With separate entry points, libraries would be forced to maintain two versions (either two actual versions, or effectively two versions by branching on every affected DOM call). And every program that wishes to use TT would be pushed deeper into dependency hell, since now they'd have to transition every dependency and dependency-of-dependency to TT first, or to somehow manually enable them with via default policies or patch them elsehow. In a world were 100% self-contained, dependency-less programs have become a rarity, that's a pretty big deal.

Comment by @dbaron Mar 5, 2020 (See Github)

@sangwhan and I are looking at this in a breakout.

One comment is that after reading the explainer and parts of the spec, it's not clear to me why require-trusted-types-for 'script' is named what it is. It seems like an odd name to me for a directive that's about requiring something for javascript URLs. Though the Adopting Trusted Types section seems to imply that it's about something much broader than just the handling of javascript URLs.

Beyond that, I don't have anything to say immediately, but it really took me half an hour to load this whole thing into my head again, and I'd probably need another read-through to come up with more interesting thoughts on it.

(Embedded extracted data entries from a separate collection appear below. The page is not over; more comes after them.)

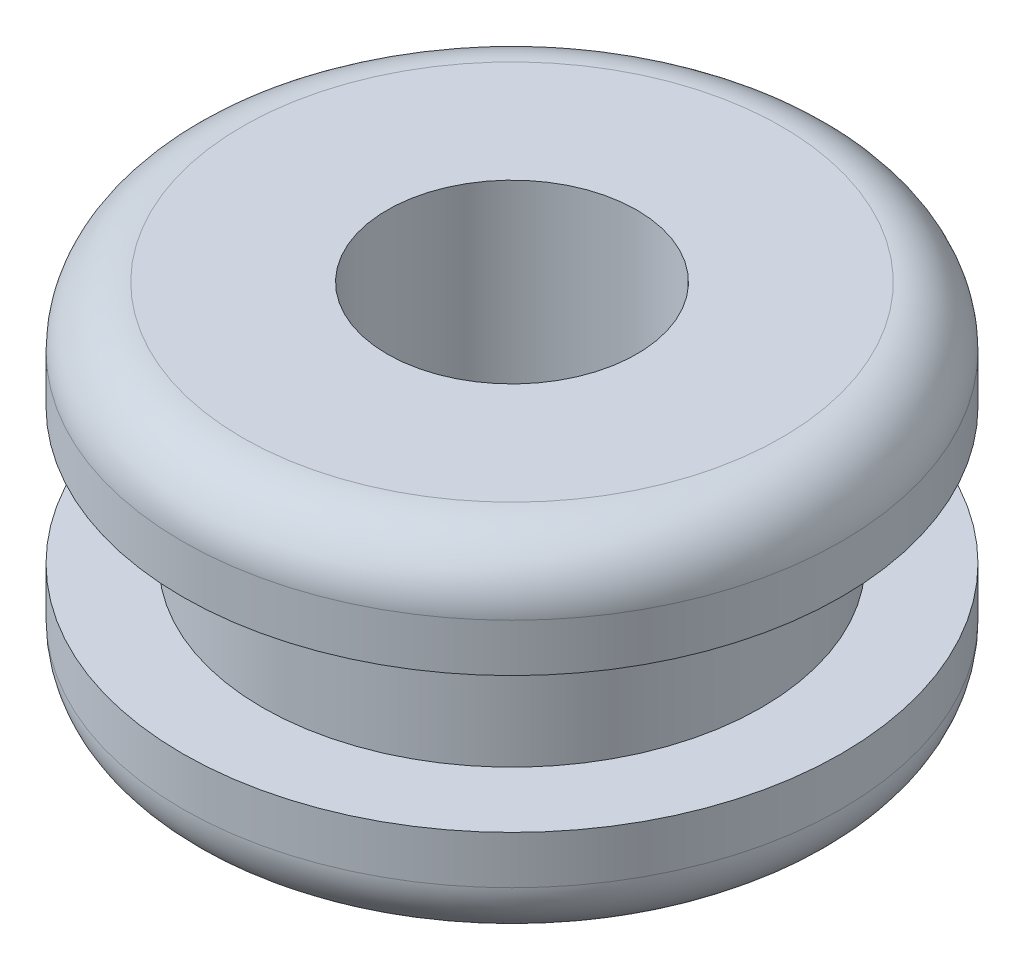
ISO-10303-21;
HEADER;
FILE_DESCRIPTION(('STEP AP214'),'2;1');
FILE_NAME('part.step','',(''),(''),'','','');
FILE_SCHEMA(('AUTOMOTIVE_DESIGN { 1 0 10303 214 1 1 1 1 }'));
ENDSEC;
DATA;
#1=APPLICATION_CONTEXT('core data for automotive mechanical design processes');
#2=APPLICATION_PROTOCOL_DEFINITION('international standard','automotive_design',2000,#1);
#3=PRODUCT_CONTEXT('',#1,'mechanical');
#4=PRODUCT('Part','Part','',(#3));
#5=PRODUCT_RELATED_PRODUCT_CATEGORY('part','',(#4));
#6=PRODUCT_DEFINITION_FORMATION('','',#4);
#7=PRODUCT_DEFINITION_CONTEXT('part definition',#1,'design');
#8=PRODUCT_DEFINITION('design','',#6,#7);
#9=PRODUCT_DEFINITION_SHAPE('','',#8);
#10=(LENGTH_UNIT() NAMED_UNIT(*) SI_UNIT(.MILLI.,.METRE.));
#11=(NAMED_UNIT(*) PLANE_ANGLE_UNIT() SI_UNIT($,.RADIAN.));
#12=(NAMED_UNIT(*) SI_UNIT($,.STERADIAN.) SOLID_ANGLE_UNIT());
#13=UNCERTAINTY_MEASURE_WITH_UNIT(LENGTH_MEASURE(1.E-05),#10,'distance_accuracy_value','');
#14=(GEOMETRIC_REPRESENTATION_CONTEXT(3) GLOBAL_UNCERTAINTY_ASSIGNED_CONTEXT((#13)) GLOBAL_UNIT_ASSIGNED_CONTEXT((#10,
#11,#12)) REPRESENTATION_CONTEXT('',''));
#15=CARTESIAN_POINT('',(0.,0.,0.));
#16=DIRECTION('',(0.,0.,1.));
#17=DIRECTION('',(1.,0.,0.));
#18=AXIS2_PLACEMENT_3D('',#15,#16,#17);
#19=CARTESIAN_POINT('',(0.,1.3716,0.));
#20=DIRECTION('',(0.,-1.,0.));
#21=DIRECTION('',(0.,0.,-1.));
#22=AXIS2_PLACEMENT_3D('',#19,#20,#21);
#23=CYLINDRICAL_SURFACE('',#22,4.191);
#24=CARTESIAN_POINT('',(0.,0.762,0.));
#25=DIRECTION('',(0.,1.,0.));
#26=DIRECTION('',(0.,0.,1.));
#27=AXIS2_PLACEMENT_3D('',#24,#25,#26);
#28=CIRCLE('',#27,4.191);
#29=CARTESIAN_POINT('',(0.,0.762,4.191));
#30=VERTEX_POINT('',#29);
#31=EDGE_CURVE('E38',#30,#30,#28,.T.);
#32=ORIENTED_EDGE('',*,*,#31,.T.);
#33=EDGE_LOOP('',(#32));
#34=FACE_BOUND('',#33,.T.);
#35=CARTESIAN_POINT('',(0.,1.3716,0.));
#36=DIRECTION('',(0.,1.,0.));
#37=DIRECTION('',(0.,0.,1.));
#38=AXIS2_PLACEMENT_3D('',#35,#36,#37);
#39=CIRCLE('',#38,4.191);
#40=CARTESIAN_POINT('',(0.,1.3716,4.191));
#41=VERTEX_POINT('',#40);
#42=EDGE_CURVE('E52',#41,#41,#39,.T.);
#43=ORIENTED_EDGE('',*,*,#42,.F.);
#44=EDGE_LOOP('',(#43));
#45=FACE_BOUND('',#44,.T.);
#46=ADVANCED_FACE('F31',(#34,#45),#23,.T.);
#47=CARTESIAN_POINT('',(0.,1.3716,0.));
#48=DIRECTION('',(0.,1.,0.));
#49=DIRECTION('',(0.,0.,1.));
#50=AXIS2_PLACEMENT_3D('',#47,#48,#49);
#51=PLANE('',#50);
#52=CARTESIAN_POINT('',(0.,1.3716,0.));
#53=DIRECTION('',(0.,1.,0.));
#54=DIRECTION('',(0.,0.,1.));
#55=AXIS2_PLACEMENT_3D('',#52,#53,#54);
#56=CIRCLE('',#55,3.175);
#57=CARTESIAN_POINT('',(0.,1.3716,3.175));
#58=VERTEX_POINT('',#57);
#59=EDGE_CURVE('E51',#58,#58,#56,.T.);
#60=ORIENTED_EDGE('',*,*,#59,.F.);
#61=EDGE_LOOP('',(#60));
#62=FACE_BOUND('',#61,.T.);
#63=ORIENTED_EDGE('',*,*,#42,.T.);
#64=EDGE_LOOP('',(#63));
#65=FACE_BOUND('',#64,.T.);
#66=ADVANCED_FACE('F95',(#62,#65),#51,.T.);
#67=CARTESIAN_POINT('',(0.,0.,0.));
#68=DIRECTION('',(0.,1.,0.));
#69=DIRECTION('',(0.,0.,1.));
#70=AXIS2_PLACEMENT_3D('',#67,#68,#69);
#71=PLANE('',#70);
#72=CARTESIAN_POINT('',(0.,0.,0.));
#73=DIRECTION('',(0.,1.,0.));
#74=DIRECTION('',(0.,0.,1.));
#75=AXIS2_PLACEMENT_3D('',#72,#73,#74);
#76=CIRCLE('',#75,3.429);
#77=CARTESIAN_POINT('',(0.,0.,3.429));
#78=VERTEX_POINT('',#77);
#79=EDGE_CURVE('E10',#78,#78,#76,.F.);
#80=ORIENTED_EDGE('',*,*,#79,.T.);
#81=EDGE_LOOP('',(#80));
#82=FACE_BOUND('',#81,.T.);
#83=CARTESIAN_POINT('',(0.,0.,0.));
#84=DIRECTION('',(0.,1.,0.));
#85=DIRECTION('',(0.,0.,1.));
#86=AXIS2_PLACEMENT_3D('',#83,#84,#85);
#87=CIRCLE('',#86,1.5875);
#88=CARTESIAN_POINT('',(0.,0.,1.5875));
#89=VERTEX_POINT('',#88);
#90=EDGE_CURVE('E63',#89,#89,#87,.T.);
#91=ORIENTED_EDGE('',*,*,#90,.T.);
#92=EDGE_LOOP('',(#91));
#93=FACE_BOUND('',#92,.T.);
#94=ADVANCED_FACE('F70',(#82,#93),#71,.F.);
#95=CARTESIAN_POINT('',(0.,3.0988,0.));
#96=DIRECTION('',(0.,-1.,0.));
#97=DIRECTION('',(0.,0.,-1.));
#98=AXIS2_PLACEMENT_3D('',#95,#96,#97);
#99=CYLINDRICAL_SURFACE('',#98,3.175);
#100=CARTESIAN_POINT('',(0.,3.0988,0.));
#101=DIRECTION('',(0.,1.,0.));
#102=DIRECTION('',(0.,0.,1.));
#103=AXIS2_PLACEMENT_3D('',#100,#101,#102);
#104=CIRCLE('',#103,3.175);
#105=CARTESIAN_POINT('',(0.,3.0988,3.175));
#106=VERTEX_POINT('',#105);
#107=EDGE_CURVE('E55',#106,#106,#104,.T.);
#108=ORIENTED_EDGE('',*,*,#107,.F.);
#109=EDGE_LOOP('',(#108));
#110=FACE_BOUND('',#109,.T.);
#111=ORIENTED_EDGE('',*,*,#59,.T.);
#112=EDGE_LOOP('',(#111));
#113=FACE_BOUND('',#112,.T.);
#114=ADVANCED_FACE('F91',(#110,#113),#99,.T.);
#115=CARTESIAN_POINT('',(0.,4.4704,0.));
#116=DIRECTION('',(0.,-1.,0.));
#117=DIRECTION('',(0.,0.,-1.));
#118=AXIS2_PLACEMENT_3D('',#115,#116,#117);
#119=CYLINDRICAL_SURFACE('',#118,4.191);
#120=CARTESIAN_POINT('',(0.,3.7084,0.));
#121=DIRECTION('',(0.,1.,0.));
#122=DIRECTION('',(0.,0.,1.));
#123=AXIS2_PLACEMENT_3D('',#120,#121,#122);
#124=CIRCLE('',#123,4.191);
#125=CARTESIAN_POINT('',(0.,3.7084,4.191));
#126=VERTEX_POINT('',#125);
#127=EDGE_CURVE('E42',#126,#126,#124,.F.);
#128=ORIENTED_EDGE('',*,*,#127,.T.);
#129=EDGE_LOOP('',(#128));
#130=FACE_BOUND('',#129,.T.);
#131=CARTESIAN_POINT('',(0.,3.0988,0.));
#132=DIRECTION('',(0.,1.,0.));
#133=DIRECTION('',(0.,0.,1.));
#134=AXIS2_PLACEMENT_3D('',#131,#132,#133);
#135=CIRCLE('',#134,4.191);
#136=CARTESIAN_POINT('',(0.,3.0988,4.191));
#137=VERTEX_POINT('',#136);
#138=EDGE_CURVE('E60',#137,#137,#135,.T.);
#139=ORIENTED_EDGE('',*,*,#138,.T.);
#140=EDGE_LOOP('',(#139));
#141=FACE_BOUND('',#140,.T.);
#142=ADVANCED_FACE('F82',(#130,#141),#119,.T.);
#143=CARTESIAN_POINT('',(0.,4.4704,0.));
#144=DIRECTION('',(0.,1.,0.));
#145=DIRECTION('',(0.,0.,1.));
#146=AXIS2_PLACEMENT_3D('',#143,#144,#145);
#147=PLANE('',#146);
#148=CARTESIAN_POINT('',(0.,4.4704,0.));
#149=DIRECTION('',(0.,1.,0.));
#150=DIRECTION('',(0.,0.,1.));
#151=AXIS2_PLACEMENT_3D('',#148,#149,#150);
#152=CIRCLE('',#151,3.429);
#153=CARTESIAN_POINT('',(0.,4.4704,3.429));
#154=VERTEX_POINT('',#153);
#155=EDGE_CURVE('E46',#154,#154,#152,.T.);
#156=ORIENTED_EDGE('',*,*,#155,.T.);
#157=EDGE_LOOP('',(#156));
#158=FACE_BOUND('',#157,.T.);
#159=CARTESIAN_POINT('',(0.,4.4704,0.));
#160=DIRECTION('',(0.,1.,0.));
#161=DIRECTION('',(0.,0.,1.));
#162=AXIS2_PLACEMENT_3D('',#159,#160,#161);
#163=CIRCLE('',#162,1.5875);
#164=CARTESIAN_POINT('',(0.,4.4704,1.5875));
#165=VERTEX_POINT('',#164);
#166=EDGE_CURVE('E64',#165,#165,#163,.T.);
#167=ORIENTED_EDGE('',*,*,#166,.F.);
#168=EDGE_LOOP('',(#167));
#169=FACE_BOUND('',#168,.T.);
#170=ADVANCED_FACE('F80',(#158,#169),#147,.T.);
#171=CARTESIAN_POINT('',(0.,3.0988,0.));
#172=DIRECTION('',(0.,1.,0.));
#173=DIRECTION('',(0.,0.,1.));
#174=AXIS2_PLACEMENT_3D('',#171,#172,#173);
#175=PLANE('',#174);
#176=ORIENTED_EDGE('',*,*,#107,.T.);
#177=EDGE_LOOP('',(#176));
#178=FACE_BOUND('',#177,.T.);
#179=ORIENTED_EDGE('',*,*,#138,.F.);
#180=EDGE_LOOP('',(#179));
#181=FACE_BOUND('',#180,.T.);
#182=ADVANCED_FACE('F76',(#178,#181),#175,.F.);
#183=CARTESIAN_POINT('',(0.,0.,0.));
#184=DIRECTION('',(0.,1.,0.));
#185=DIRECTION('',(0.,0.,1.));
#186=AXIS2_PLACEMENT_3D('',#183,#184,#185);
#187=CYLINDRICAL_SURFACE('',#186,1.5875);
#188=ORIENTED_EDGE('',*,*,#90,.F.);
#189=EDGE_LOOP('',(#188));
#190=FACE_BOUND('',#189,.T.);
#191=ORIENTED_EDGE('',*,*,#166,.T.);
#192=EDGE_LOOP('',(#191));
#193=FACE_BOUND('',#192,.T.);
#194=ADVANCED_FACE('F72',(#190,#193),#187,.F.);
#195=CARTESIAN_POINT('',(0.,3.7084,0.));
#196=DIRECTION('',(0.,1.,0.));
#197=DIRECTION('',(0.,0.,1.));
#198=AXIS2_PLACEMENT_3D('',#195,#196,#197);
#199=TOROIDAL_SURFACE('',#198,3.429,0.762);
#200=ORIENTED_EDGE('',*,*,#127,.F.);
#201=EDGE_LOOP('',(#200));
#202=FACE_BOUND('',#201,.T.);
#203=ORIENTED_EDGE('',*,*,#155,.F.);
#204=EDGE_LOOP('',(#203));
#205=FACE_BOUND('',#204,.T.);
#206=ADVANCED_FACE('F75',(#202,#205),#199,.T.);
#207=CARTESIAN_POINT('',(0.,0.762,0.));
#208=DIRECTION('',(0.,1.,0.));
#209=DIRECTION('',(0.,0.,1.));
#210=AXIS2_PLACEMENT_3D('',#207,#208,#209);
#211=TOROIDAL_SURFACE('',#210,3.429,0.762);
#212=ORIENTED_EDGE('',*,*,#79,.F.);
#213=EDGE_LOOP('',(#212));
#214=FACE_BOUND('',#213,.T.);
#215=ORIENTED_EDGE('',*,*,#31,.F.);
#216=EDGE_LOOP('',(#215));
#217=FACE_BOUND('',#216,.T.);
#218=ADVANCED_FACE('F33',(#214,#217),#211,.T.);
#219=CLOSED_SHELL('',(#46,#66,#94,#114,#142,#170,#182,#194,#206,#218));
#220=MANIFOLD_SOLID_BREP('B2',#219);
#221=ADVANCED_BREP_SHAPE_REPRESENTATION('',(#18,#220),#14);
#222=SHAPE_DEFINITION_REPRESENTATION(#9,#221);
ENDSEC;
END-ISO-10303-21;
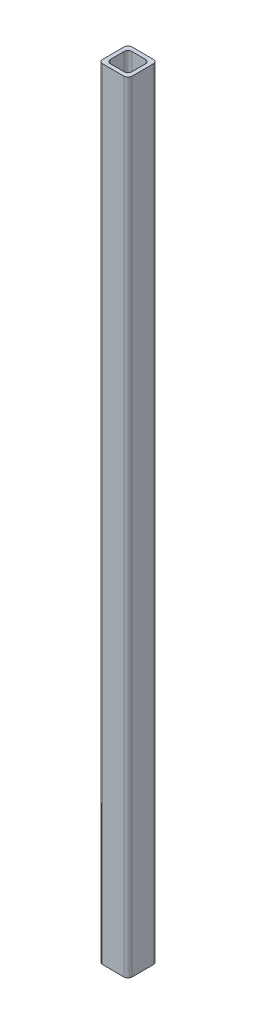
ISO-10303-21;
HEADER;
FILE_DESCRIPTION(('STEP AP214'),'2;1');
FILE_NAME('part.step','',(''),(''),'','','');
FILE_SCHEMA(('AUTOMOTIVE_DESIGN { 1 0 10303 214 1 1 1 1 }'));
ENDSEC;
DATA;
#1=APPLICATION_CONTEXT('core data for automotive mechanical design processes');
#2=APPLICATION_PROTOCOL_DEFINITION('international standard','automotive_design',2000,#1);
#3=PRODUCT_CONTEXT('',#1,'mechanical');
#4=PRODUCT('Part','Part','',(#3));
#5=PRODUCT_RELATED_PRODUCT_CATEGORY('part','',(#4));
#6=PRODUCT_DEFINITION_FORMATION('','',#4);
#7=PRODUCT_DEFINITION_CONTEXT('part definition',#1,'design');
#8=PRODUCT_DEFINITION('design','',#6,#7);
#9=PRODUCT_DEFINITION_SHAPE('','',#8);
#10=(LENGTH_UNIT() NAMED_UNIT(*) SI_UNIT(.MILLI.,.METRE.));
#11=(NAMED_UNIT(*) PLANE_ANGLE_UNIT() SI_UNIT($,.RADIAN.));
#12=(NAMED_UNIT(*) SI_UNIT($,.STERADIAN.) SOLID_ANGLE_UNIT());
#13=UNCERTAINTY_MEASURE_WITH_UNIT(LENGTH_MEASURE(1.E-05),#10,'distance_accuracy_value','');
#14=(GEOMETRIC_REPRESENTATION_CONTEXT(3) GLOBAL_UNCERTAINTY_ASSIGNED_CONTEXT((#13)) GLOBAL_UNIT_ASSIGNED_CONTEXT((#10,
#11,#12)) REPRESENTATION_CONTEXT('',''));
#15=CARTESIAN_POINT('',(0.,0.,0.));
#16=DIRECTION('',(0.,0.,1.));
#17=DIRECTION('',(1.,0.,0.));
#18=AXIS2_PLACEMENT_3D('',#15,#16,#17);
#19=CARTESIAN_POINT('',(11.,800.,-11.));
#20=DIRECTION('',(0.,-1.,0.));
#21=DIRECTION('',(0.,0.,-1.));
#22=AXIS2_PLACEMENT_3D('',#19,#20,#21);
#23=PLANE('',#22);
#24=CARTESIAN_POINT('',(11.,800.,-11.));
#25=DIRECTION('',(0.,1.,0.));
#26=DIRECTION('',(0.,0.,-1.));
#27=AXIS2_PLACEMENT_3D('',#24,#25,#26);
#28=CIRCLE('',#27,4.);
#29=CARTESIAN_POINT('',(15.,800.,-11.));
#30=VERTEX_POINT('',#29);
#31=CARTESIAN_POINT('',(11.,800.,-15.));
#32=VERTEX_POINT('',#31);
#33=EDGE_CURVE('E244',#30,#32,#28,.T.);
#34=ORIENTED_EDGE('',*,*,#33,.T.);
#35=DIRECTION('',(-1.,0.,0.));
#36=VECTOR('',#35,1.);
#37=CARTESIAN_POINT('',(11.,800.,-15.));
#38=LINE('',#37,#36);
#39=CARTESIAN_POINT('',(-11.,800.,-15.));
#40=VERTEX_POINT('',#39);
#41=EDGE_CURVE('E248',#32,#40,#38,.T.);
#42=ORIENTED_EDGE('',*,*,#41,.T.);
#43=CARTESIAN_POINT('',(-11.,800.,-11.));
#44=DIRECTION('',(0.,1.,0.));
#45=DIRECTION('',(0.,0.,-1.));
#46=AXIS2_PLACEMENT_3D('',#43,#44,#45);
#47=CIRCLE('',#46,4.);
#48=CARTESIAN_POINT('',(-15.,800.,-11.));
#49=VERTEX_POINT('',#48);
#50=EDGE_CURVE('E252',#40,#49,#47,.T.);
#51=ORIENTED_EDGE('',*,*,#50,.T.);
#52=DIRECTION('',(0.,0.,1.));
#53=VECTOR('',#52,1.);
#54=CARTESIAN_POINT('',(-15.,800.,-11.));
#55=LINE('',#54,#53);
#56=CARTESIAN_POINT('',(-15.,800.,11.));
#57=VERTEX_POINT('',#56);
#58=EDGE_CURVE('E255',#49,#57,#55,.T.);
#59=ORIENTED_EDGE('',*,*,#58,.T.);
#60=CARTESIAN_POINT('',(-11.,800.,11.));
#61=DIRECTION('',(0.,1.,0.));
#62=DIRECTION('',(0.,0.,1.));
#63=AXIS2_PLACEMENT_3D('',#60,#61,#62);
#64=CIRCLE('',#63,4.);
#65=CARTESIAN_POINT('',(-11.,800.,15.));
#66=VERTEX_POINT('',#65);
#67=EDGE_CURVE('E258',#57,#66,#64,.T.);
#68=ORIENTED_EDGE('',*,*,#67,.T.);
#69=DIRECTION('',(1.,0.,0.));
#70=VECTOR('',#69,1.);
#71=CARTESIAN_POINT('',(11.,800.,15.));
#72=LINE('',#71,#70);
#73=CARTESIAN_POINT('',(11.,800.,15.));
#74=VERTEX_POINT('',#73);
#75=EDGE_CURVE('E261',#66,#74,#72,.T.);
#76=ORIENTED_EDGE('',*,*,#75,.T.);
#77=CARTESIAN_POINT('',(11.,800.,11.));
#78=DIRECTION('',(0.,1.,0.));
#79=DIRECTION('',(0.,0.,-1.));
#80=AXIS2_PLACEMENT_3D('',#77,#78,#79);
#81=CIRCLE('',#80,4.);
#82=CARTESIAN_POINT('',(15.,800.,11.));
#83=VERTEX_POINT('',#82);
#84=EDGE_CURVE('E264',#74,#83,#81,.T.);
#85=ORIENTED_EDGE('',*,*,#84,.T.);
#86=DIRECTION('',(0.,0.,-1.));
#87=VECTOR('',#86,1.);
#88=CARTESIAN_POINT('',(15.,800.,-11.));
#89=LINE('',#88,#87);
#90=EDGE_CURVE('E267',#83,#30,#89,.T.);
#91=ORIENTED_EDGE('',*,*,#90,.T.);
#92=EDGE_LOOP('',(#34,#42,#51,#59,#68,#76,#85,#91));
#93=FACE_BOUND('',#92,.T.);
#94=CARTESIAN_POINT('',(7.,800.,-7.));
#95=DIRECTION('',(0.,1.,0.));
#96=DIRECTION('',(0.,0.,-1.));
#97=AXIS2_PLACEMENT_3D('',#94,#95,#96);
#98=CIRCLE('',#97,4.);
#99=CARTESIAN_POINT('',(11.,800.,-6.99999999999997));
#100=VERTEX_POINT('',#99);
#101=CARTESIAN_POINT('',(6.99999999999997,800.,-11.));
#102=VERTEX_POINT('',#101);
#103=EDGE_CURVE('E155',#100,#102,#98,.T.);
#104=ORIENTED_EDGE('',*,*,#103,.F.);
#105=DIRECTION('',(0.,0.,-1.));
#106=VECTOR('',#105,1.);
#107=CARTESIAN_POINT('',(11.,800.,-6.99999999999997));
#108=LINE('',#107,#106);
#109=CARTESIAN_POINT('',(11.,800.,6.99999999999997));
#110=VERTEX_POINT('',#109);
#111=EDGE_CURVE('E196',#110,#100,#108,.T.);
#112=ORIENTED_EDGE('',*,*,#111,.F.);
#113=CARTESIAN_POINT('',(7.,800.,7.));
#114=DIRECTION('',(0.,1.,0.));
#115=DIRECTION('',(0.,0.,-1.));
#116=AXIS2_PLACEMENT_3D('',#113,#114,#115);
#117=CIRCLE('',#116,4.);
#118=CARTESIAN_POINT('',(6.99999999999997,800.,11.));
#119=VERTEX_POINT('',#118);
#120=EDGE_CURVE('E193',#119,#110,#117,.T.);
#121=ORIENTED_EDGE('',*,*,#120,.F.);
#122=DIRECTION('',(1.,0.,0.));
#123=VECTOR('',#122,1.);
#124=CARTESIAN_POINT('',(6.99999999999997,800.,11.));
#125=LINE('',#124,#123);
#126=CARTESIAN_POINT('',(-6.99999999999997,800.,11.));
#127=VERTEX_POINT('',#126);
#128=EDGE_CURVE('E190',#127,#119,#125,.T.);
#129=ORIENTED_EDGE('',*,*,#128,.F.);
#130=CARTESIAN_POINT('',(-7.,800.,7.));
#131=DIRECTION('',(0.,1.,0.));
#132=DIRECTION('',(0.,0.,-1.));
#133=AXIS2_PLACEMENT_3D('',#130,#131,#132);
#134=CIRCLE('',#133,4.);
#135=CARTESIAN_POINT('',(-11.,800.,6.99999999999997));
#136=VERTEX_POINT('',#135);
#137=EDGE_CURVE('E187',#136,#127,#134,.T.);
#138=ORIENTED_EDGE('',*,*,#137,.F.);
#139=DIRECTION('',(0.,0.,1.));
#140=VECTOR('',#139,1.);
#141=CARTESIAN_POINT('',(-11.,800.,-6.99999999999997));
#142=LINE('',#141,#140);
#143=CARTESIAN_POINT('',(-11.,800.,-6.99999999999997));
#144=VERTEX_POINT('',#143);
#145=EDGE_CURVE('E182',#144,#136,#142,.T.);
#146=ORIENTED_EDGE('',*,*,#145,.F.);
#147=CARTESIAN_POINT('',(-7.,800.,-7.));
#148=DIRECTION('',(0.,1.,0.));
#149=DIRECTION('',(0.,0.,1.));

Comment by @dbaron Mar 5, 2020 (See Github)

So I think given that @alice and @torgo were suggesting we consider closing it, and I think we think we're OK with closing this as well. I'm not sure that we've gone through everything in detail, but I also think we're reasonably comfortable with this approach at a high level even if we haven't dug into all of the details.

I'd note that I found the explainer a bit confusing, particularly for understanding how the CSP integration works (see previous comment). But this seems like it's probably straightforward to fix, and it's certainly understandable that an explainer for something that's changed so much over time might get a little confused at points.

Comment by @koto Mar 5, 2020 (See Github)

Thanks! For the record, require-trusted-types-for 'script' controls all enforcement for DOM XSS prevention (the only sink group we're tagetting right now), not just javacript: navigation. Point taken though, I'll try to clarify that in the explainer and review the spec to make that clear.